Mr. Guy Bélanger: The parliamentary rules to which we are accustomed give us a way of getting along with each other, of creating a form of synergy, which was not the same in the Bélanger-Campeau Commission, since the rules of the game, which are implicit agreements in the Assembly, do not work when outsiders are present. They do not know those rules and there is nothing implicit for them. It is not automatic. So it was a bit more complicated in the Bélanger-Campeau Commission in certain respects, but there were richer aspects more respectful relations. Here we are among parliamentarians who live together all year long. So there are, to a certain extent, familiar ways which did not exist in the Bélanger-Campeau Commission or, in any case, which were difficult to make work because the context was not the same.

Mr. Claude Dauphin: Generally speaking, the atmosphere is very good. My approach over the past eleven years as a member has been to seek a consensus. So what I do is I call the representative of the Opposition before taking any decision whatsoever. If that does not work, well then someone has to take a decision at some point. The system has to work. But I always seek consensus between the two major parties.

How do you proceed in selecting witnesses?

Mr. Claude Dauphin: Article 12 of Bill 150 clearly provides that the chairman controls the procedure. However, another article, more precisely article 22, provides that a member of the National Assembly, a member of the Commission may make a motion requesting that items be added to the work plan. That was how the chair decided to interpret articles 12 and 22 of Bill 150. In short, then, it is the chairman who established the work plan. However, I seek the general will of the parties. I asked the two major political parties and the representative of the Equality Party, Mr. Libman, to forward their lists of the experts they wanted to hear to the secretariat. The Liberal Party sent me a list and Mr. Libman sent me a list, but the official Opposition did not send a list. They decided that, under normal circumstances, this commission should not be sitting. It is their claim that this commission should not sit until we have received formal offers that are binding on all governments. They said to themselves, to be coherent and logical: "If someone says you have no right to sit, no one can send you lists of experts to call." That is why they did not send us a list of experts. The same thing is occurring now. A government member made a motion requesting that the commission invite representative groups in Quebec society. This motion was agreed to by a majority. The Opposition voted against it for the same reason as before. Because, in their view, our commission ultimately should not sit, our commission should not hear experts, and our commission should particularly not invite groups.

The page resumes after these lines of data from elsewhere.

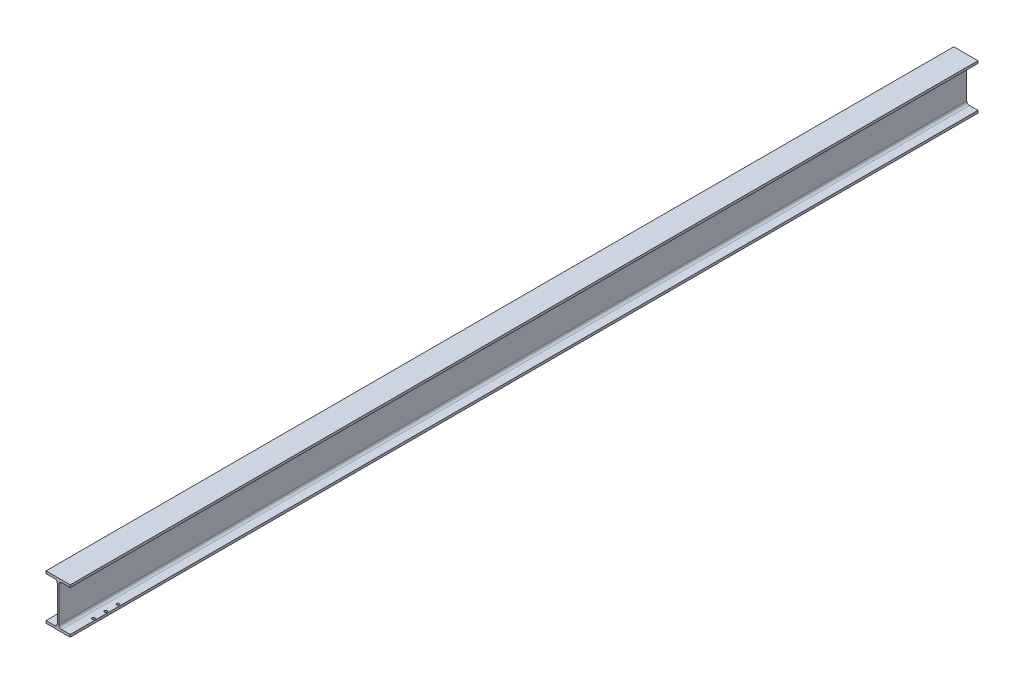
ISO-10303-21;
HEADER;
FILE_DESCRIPTION(('STEP AP214'),'2;1');
FILE_NAME('part.step','',(''),(''),'','','');
FILE_SCHEMA(('AUTOMOTIVE_DESIGN { 1 0 10303 214 1 1 1 1 }'));
ENDSEC;
DATA;
#1=APPLICATION_CONTEXT('core data for automotive mechanical design processes');
#2=APPLICATION_PROTOCOL_DEFINITION('international standard','automotive_design',2000,#1);
#3=PRODUCT_CONTEXT('',#1,'mechanical');
#4=PRODUCT('Part','Part','',(#3));
#5=PRODUCT_RELATED_PRODUCT_CATEGORY('part','',(#4));
#6=PRODUCT_DEFINITION_FORMATION('','',#4);
#7=PRODUCT_DEFINITION_CONTEXT('part definition',#1,'design');
#8=PRODUCT_DEFINITION('design','',#6,#7);
#9=PRODUCT_DEFINITION_SHAPE('','',#8);
#10=(LENGTH_UNIT() NAMED_UNIT(*) SI_UNIT(.MILLI.,.METRE.));
#11=(NAMED_UNIT(*) PLANE_ANGLE_UNIT() SI_UNIT($,.RADIAN.));
#12=(NAMED_UNIT(*) SI_UNIT($,.STERADIAN.) SOLID_ANGLE_UNIT());
#13=UNCERTAINTY_MEASURE_WITH_UNIT(LENGTH_MEASURE(1.E-05),#10,'distance_accuracy_value','');
#14=(GEOMETRIC_REPRESENTATION_CONTEXT(3) GLOBAL_UNCERTAINTY_ASSIGNED_CONTEXT((#13)) GLOBAL_UNIT_ASSIGNED_CONTEXT((#10,
#11,#12)) REPRESENTATION_CONTEXT('',''));
#15=CARTESIAN_POINT('',(0.,0.,0.));
#16=DIRECTION('',(0.,0.,1.));
#17=DIRECTION('',(1.,0.,0.));
#18=AXIS2_PLACEMENT_3D('',#15,#16,#17);
#19=CARTESIAN_POINT('',(0.,-60.,1200.));
#20=DIRECTION('',(0.,1.,0.));
#21=DIRECTION('',(-1.,0.,0.));
#22=AXIS2_PLACEMENT_3D('',#19,#20,#21);
#23=PLANE('',#22);
#24=CARTESIAN_POINT('',(25.9999999999999,-60.,1067.5));
#25=DIRECTION('',(0.,-1.,0.));
#26=DIRECTION('',(0.,0.,-1.));
#27=AXIS2_PLACEMENT_3D('',#24,#25,#26);
#28=CIRCLE('',#27,3.5);
#29=CARTESIAN_POINT('',(25.9999999999999,-60.,1064.));
#30=VERTEX_POINT('',#29);
#31=EDGE_CURVE('E563',#30,#30,#28,.T.);
#32=ORIENTED_EDGE('',*,*,#31,.F.);
#33=EDGE_LOOP('',(#32));
#34=FACE_BOUND('',#33,.T.);
#35=CARTESIAN_POINT('',(25.9999999999999,-60.,1100.));
#36=DIRECTION('',(0.,-1.,0.));
#37=DIRECTION('',(0.,0.,-1.));
#38=AXIS2_PLACEMENT_3D('',#35,#36,#37);
#39=CIRCLE('',#38,3.5);
#40=CARTESIAN_POINT('',(25.9999999999999,-60.,1096.5));
#41=VERTEX_POINT('',#40);
#42=EDGE_CURVE('E577',#41,#41,#39,.T.);
#43=ORIENTED_EDGE('',*,*,#42,.F.);
#44=EDGE_LOOP('',(#43));
#45=FACE_BOUND('',#44,.T.);
#46=DIRECTION('',(1.,0.,0.));
#47=VECTOR('',#46,1.);
#48=CARTESIAN_POINT('',(0.,-60.,-1200.));
#49=LINE('',#48,#47);
#50=CARTESIAN_POINT('',(-32.,-60.,-1200.));
#51=VERTEX_POINT('',#50);
#52=CARTESIAN_POINT('',(32.,-60.,-1200.));
#53=VERTEX_POINT('',#52);
#54=EDGE_CURVE('E165',#51,#53,#49,.T.);
#55=ORIENTED_EDGE('',*,*,#54,.T.);
#56=DIRECTION('',(0.,0.,-1.));
#57=VECTOR('',#56,1.);
#58=CARTESIAN_POINT('',(32.,-60.,1200.));
#59=LINE('',#58,#57);
#60=CARTESIAN_POINT('',(32.,-60.,1200.));
#61=VERTEX_POINT('',#60);
#62=EDGE_CURVE('E162',#61,#53,#59,.T.);
#63=ORIENTED_EDGE('',*,*,#62,.F.);
#64=DIRECTION('',(1.,0.,0.));
#65=VECTOR('',#64,1.);
#66=CARTESIAN_POINT('',(0.,-60.,1200.));
#67=LINE('',#66,#65);
#68=CARTESIAN_POINT('',(-32.,-60.,1200.));
#69=VERTEX_POINT('',#68);
#70=EDGE_CURVE('E147',#69,#61,#67,.T.);
#71=ORIENTED_EDGE('',*,*,#70,.F.);
#72=DIRECTION('',(0.,0.,-1.));
#73=VECTOR('',#72,1.);
#74=CARTESIAN_POINT('',(-32.,-60.,1200.));
#75=LINE('',#74,#73);
#76=EDGE_CURVE('E159',#69,#51,#75,.T.);
#77=ORIENTED_EDGE('',*,*,#76,.T.);
#78=EDGE_LOOP('',(#55,#63,#71,#77));
#79=FACE_BOUND('',#78,.T.);
#80=CARTESIAN_POINT('',(25.9999999999999,-60.,1132.5));
#81=DIRECTION('',(0.,-1.,0.));
#82=DIRECTION('',(0.,0.,-1.));
#83=AXIS2_PLACEMENT_3D('',#80,#81,#82);
#84=CIRCLE('',#83,3.5);
#85=CARTESIAN_POINT('',(25.9999999999999,-60.,1129.));
#86=VERTEX_POINT('',#85);
#87=EDGE_CURVE('E588',#86,#86,#84,.T.);
#88=ORIENTED_EDGE('',*,*,#87,.F.);
#89=EDGE_LOOP('',(#88));
#90=FACE_BOUND('',#89,.T.);
#91=CARTESIAN_POINT('',(-26.0000000000001,-60.,1132.5));
#92=DIRECTION('',(0.,-1.,0.));
#93=DIRECTION('',(0.,0.,-1.));
#94=AXIS2_PLACEMENT_3D('',#91,#92,#93);
#95=CIRCLE('',#94,3.5);
#96=CARTESIAN_POINT('',(-26.0000000000001,-60.,1129.));
#97=VERTEX_POINT('',#96);
#98=EDGE_CURVE('E583',#97,#97,#95,.T.);
#99=ORIENTED_EDGE('',*,*,#98,.F.);
#100=EDGE_LOOP('',(#99));
#101=FACE_BOUND('',#100,.T.);
#102=CARTESIAN_POINT('',(-26.0000000000001,-60.,1100.));
#103=DIRECTION('',(0.,-1.,0.));
#104=DIRECTION('',(0.,0.,-1.));
#105=AXIS2_PLACEMENT_3D('',#102,#103,#104);
#106=CIRCLE('',#105,3.5);
#107=CARTESIAN_POINT('',(-26.0000000000001,-60.,1096.5));
#108=VERTEX_POINT('',#107);
#109=EDGE_CURVE('E571',#108,#108,#106,.T.);
#110=ORIENTED_EDGE('',*,*,#109,.F.);
#111=EDGE_LOOP('',(#110));
#112=FACE_BOUND('',#111,.T.);
#113=CARTESIAN_POINT('',(-26.0000000000001,-60.,1067.5));
#114=DIRECTION('',(0.,-1.,0.));
#115=DIRECTION('',(0.,0.,-1.));
#116=AXIS2_PLACEMENT_3D('',#113,#114,#115);
#117=CIRCLE('',#116,3.5);
#118=CARTESIAN_POINT('',(-26.0000000000001,-60.,1064.));
#119=VERTEX_POINT('',#118);
#120=EDGE_CURVE('E560',#119,#119,#117,.T.);
#121=ORIENTED_EDGE('',*,*,#120,.F.);
#122=EDGE_LOOP('',(#121));
#123=FACE_BOUND('',#122,.T.);
#124=ADVANCED_FACE('F36',(#34,#45,#79,#90,#101,#112,#123),#23,.F.);
#125=CARTESIAN_POINT('',(-32.,60.,1200.));
#126=DIRECTION('',(0.,-1.,0.));
#127=DIRECTION('',(1.,0.,0.));
#128=AXIS2_PLACEMENT_3D('',#125,#126,#127);
#129=PLANE('',#128);
#130=DIRECTION('',(-1.,0.,0.));
#131=VECTOR('',#130,1.);
#132=CARTESIAN_POINT('',(-32.,60.,-1200.));
#133=LINE('',#132,#131);
#134=CARTESIAN_POINT('',(32.,60.,-1200.));
#135=VERTEX_POINT('',#134);
#136=CARTESIAN_POINT('',(-32.,60.,-1200.));
#137=VERTEX_POINT('',#136);
#138=EDGE_CURVE('E169',#135,#137,#133,.T.);
#139=ORIENTED_EDGE('',*,*,#138,.T.);
#140=DIRECTION('',(0.,0.,-1.));
#141=VECTOR('',#140,1.);
#142=CARTESIAN_POINT('',(-32.,60.,1200.));
#143=LINE('',#142,#141);
#144=CARTESIAN_POINT('',(-32.,60.,1200.));
#145=VERTEX_POINT('',#144);
#146=EDGE_CURVE('E244',#145,#137,#143,.T.);
#147=ORIENTED_EDGE('',*,*,#146,.F.);
#148=DIRECTION('',(-1.,0.,0.));
#149=VECTOR('',#148,1.);
#150=CARTESIAN_POINT('',(-32.,60.,1200.));
#151=LINE('',#150,#149);
#152=CARTESIAN_POINT('',(32.,60.,1200.));
#153=VERTEX_POINT('',#152);
#154=EDGE_CURVE('E210',#153,#145,#151,.T.);
#155=ORIENTED_EDGE('',*,*,#154,.F.);
#156=DIRECTION('',(0.,0.,-1.));
#157=VECTOR('',#156,1.);
#158=CARTESIAN_POINT('',(32.,60.,1200.));
#159=LINE('',#158,#157);
#160=EDGE_CURVE('E195',#153,#135,#159,.T.);
#161=ORIENTED_EDGE('',*,*,#160,.T.);
#162=EDGE_LOOP('',(#139,#147,#155,#161));
#163=FACE_BOUND('',#162,.T.);
#164=ADVANCED_FACE('F318',(#163),#129,.F.);
#165=CARTESIAN_POINT('',(-32.,53.7,1200.));
#166=DIRECTION('',(1.,0.,0.));
#167=DIRECTION('',(0.,0.,-1.));
#168=AXIS2_PLACEMENT_3D('',#165,#166,#167);
#169=PLANE('',#168);
#170=DIRECTION('',(0.,-1.,0.));
#171=VECTOR('',#170,1.);
#172=CARTESIAN_POINT('',(-32.,53.7,-1200.));
#173=LINE('',#172,#171);
#174=CARTESIAN_POINT('',(-32.,53.7,-1200.));
#175=VERTEX_POINT('',#174);
#176=EDGE_CURVE('E224',#137,#175,#173,.T.);
#177=ORIENTED_EDGE('',*,*,#176,.T.);
#178=DIRECTION('',(0.,0.,-1.));
#179=VECTOR('',#178,1.);
#180=CARTESIAN_POINT('',(-32.,53.7,1200.));
#181=LINE('',#180,#179);
#182=CARTESIAN_POINT('',(-32.,53.7,1200.));
#183=VERTEX_POINT('',#182);
#184=EDGE_CURVE('E241',#183,#175,#181,.T.);
#185=ORIENTED_EDGE('',*,*,#184,.F.);
#186=DIRECTION('',(0.,-1.,0.));
#187=VECTOR('',#186,1.);
#188=CARTESIAN_POINT('',(-32.,53.7,1200.));
#189=LINE('',#188,#187);
#190=EDGE_CURVE('E212',#145,#183,#189,.T.);
#191=ORIENTED_EDGE('',*,*,#190,.F.);
#192=ORIENTED_EDGE('',*,*,#146,.T.);
#193=EDGE_LOOP('',(#177,#185,#191,#192));
#194=FACE_BOUND('',#193,.T.);
#195=ADVANCED_FACE('F324',(#194),#169,.F.);
#196=CARTESIAN_POINT('',(-2.19999999999999,53.7,1200.));
#197=DIRECTION('',(0.,1.,0.));
#198=DIRECTION('',(0.,0.,1.));
#199=AXIS2_PLACEMENT_3D('',#196,#197,#198);
#200=PLANE('',#199);
#201=DIRECTION('',(1.,0.,0.));
#202=VECTOR('',#201,1.);
#203=CARTESIAN_POINT('',(-2.19999999999999,53.7,-1200.));
#204=LINE('',#203,#202);
#205=CARTESIAN_POINT('',(-9.19999999999999,53.7,-1200.));
#206=VERTEX_POINT('',#205);
#207=EDGE_CURVE('E226',#175,#206,#204,.T.);
#208=ORIENTED_EDGE('',*,*,#207,.T.);
#209=DIRECTION('',(0.,0.,-1.));
#210=VECTOR('',#209,1.);
#211=CARTESIAN_POINT('',(-9.19999999999999,53.7,1200.));
#212=LINE('',#211,#210);
#213=CARTESIAN_POINT('',(-9.19999999999999,53.7,1200.));
#214=VERTEX_POINT('',#213);
#215=EDGE_CURVE('E262',#206,#214,#212,.F.);
#216=ORIENTED_EDGE('',*,*,#215,.T.);
#217=DIRECTION('',(1.,0.,0.));
#218=VECTOR('',#217,1.);
#219=CARTESIAN_POINT('',(-2.19999999999999,53.7,1200.));
#220=LINE('',#219,#218);
#221=EDGE_CURVE('E214',#183,#214,#220,.T.);
#222=ORIENTED_EDGE('',*,*,#221,.F.);
#223=ORIENTED_EDGE('',*,*,#184,.T.);
#224=EDGE_LOOP('',(#208,#216,#222,#223));
#225=FACE_BOUND('',#224,.T.);
#226=ADVANCED_FACE('F327',(#225),#200,.F.);
#227=CARTESIAN_POINT('',(-2.19999999999999,-53.7,1200.));
#228=DIRECTION('',(1.,0.,0.));
#229=DIRECTION('',(0.,1.,0.));
#230=AXIS2_PLACEMENT_3D('',#227,#228,#229);
#231=PLANE('',#230);
#232=DIRECTION('',(0.,-1.,0.));
#233=VECTOR('',#232,1.);
#234=CARTESIAN_POINT('',(-2.19999999999999,-53.7,1200.));
#235=LINE('',#234,#233);
#236=CARTESIAN_POINT('',(-2.19999999999999,46.7,1200.));
#237=VERTEX_POINT('',#236);
#238=CARTESIAN_POINT('',(-2.19999999999999,-46.7,1200.));
#239=VERTEX_POINT('',#238);
#240=EDGE_CURVE('E217',#237,#239,#235,.T.);
#241=ORIENTED_EDGE('',*,*,#240,.F.);
#242=DIRECTION('',(0.,0.,-1.));
#243=VECTOR('',#242,1.);
#244=CARTESIAN_POINT('',(-2.19999999999999,46.7,-1200.));
#245=LINE('',#244,#243);
#246=CARTESIAN_POINT('',(-2.19999999999999,46.7,-1200.));
#247=VERTEX_POINT('',#246);
#248=EDGE_CURVE('E259',#237,#247,#245,.T.);
#249=ORIENTED_EDGE('',*,*,#248,.T.);
#250=DIRECTION('',(0.,-1.,0.));
#251=VECTOR('',#250,1.);
#252=CARTESIAN_POINT('',(-2.19999999999999,-53.7,-1200.));
#253=LINE('',#252,#251);
#254=CARTESIAN_POINT('',(-2.19999999999999,-46.7,-1200.));
#255=VERTEX_POINT('',#254);
#256=EDGE_CURVE('E229',#247,#255,#253,.T.);
#257=ORIENTED_EDGE('',*,*,#256,.T.);
#258=DIRECTION('',(0.,0.,-1.));
#259=VECTOR('',#258,1.);
#260=CARTESIAN_POINT('',(-2.19999999999999,-46.7,1200.));
#261=LINE('',#260,#259);
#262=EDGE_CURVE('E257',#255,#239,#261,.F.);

Mr. Guy Bélanger: Once our work plan was established and approved, each party involved — that is, the Liberal Party and the Parti Québécois, the party in power and the Opposition Party — gave us its list of experts it wanted invited on each subject. From there, we here at secretariat made a selection of those experts based on what they had already produced. We thus established our own list and made our initial checks with them, and those who showed an interest provided us with documents, and, based on those documents, we heard them at the commission. The idea was not to filter in the sense of filtering content, but rather to see whether their testimony was really relevant to what we wanted to do and if they were able to go as far as we wanted.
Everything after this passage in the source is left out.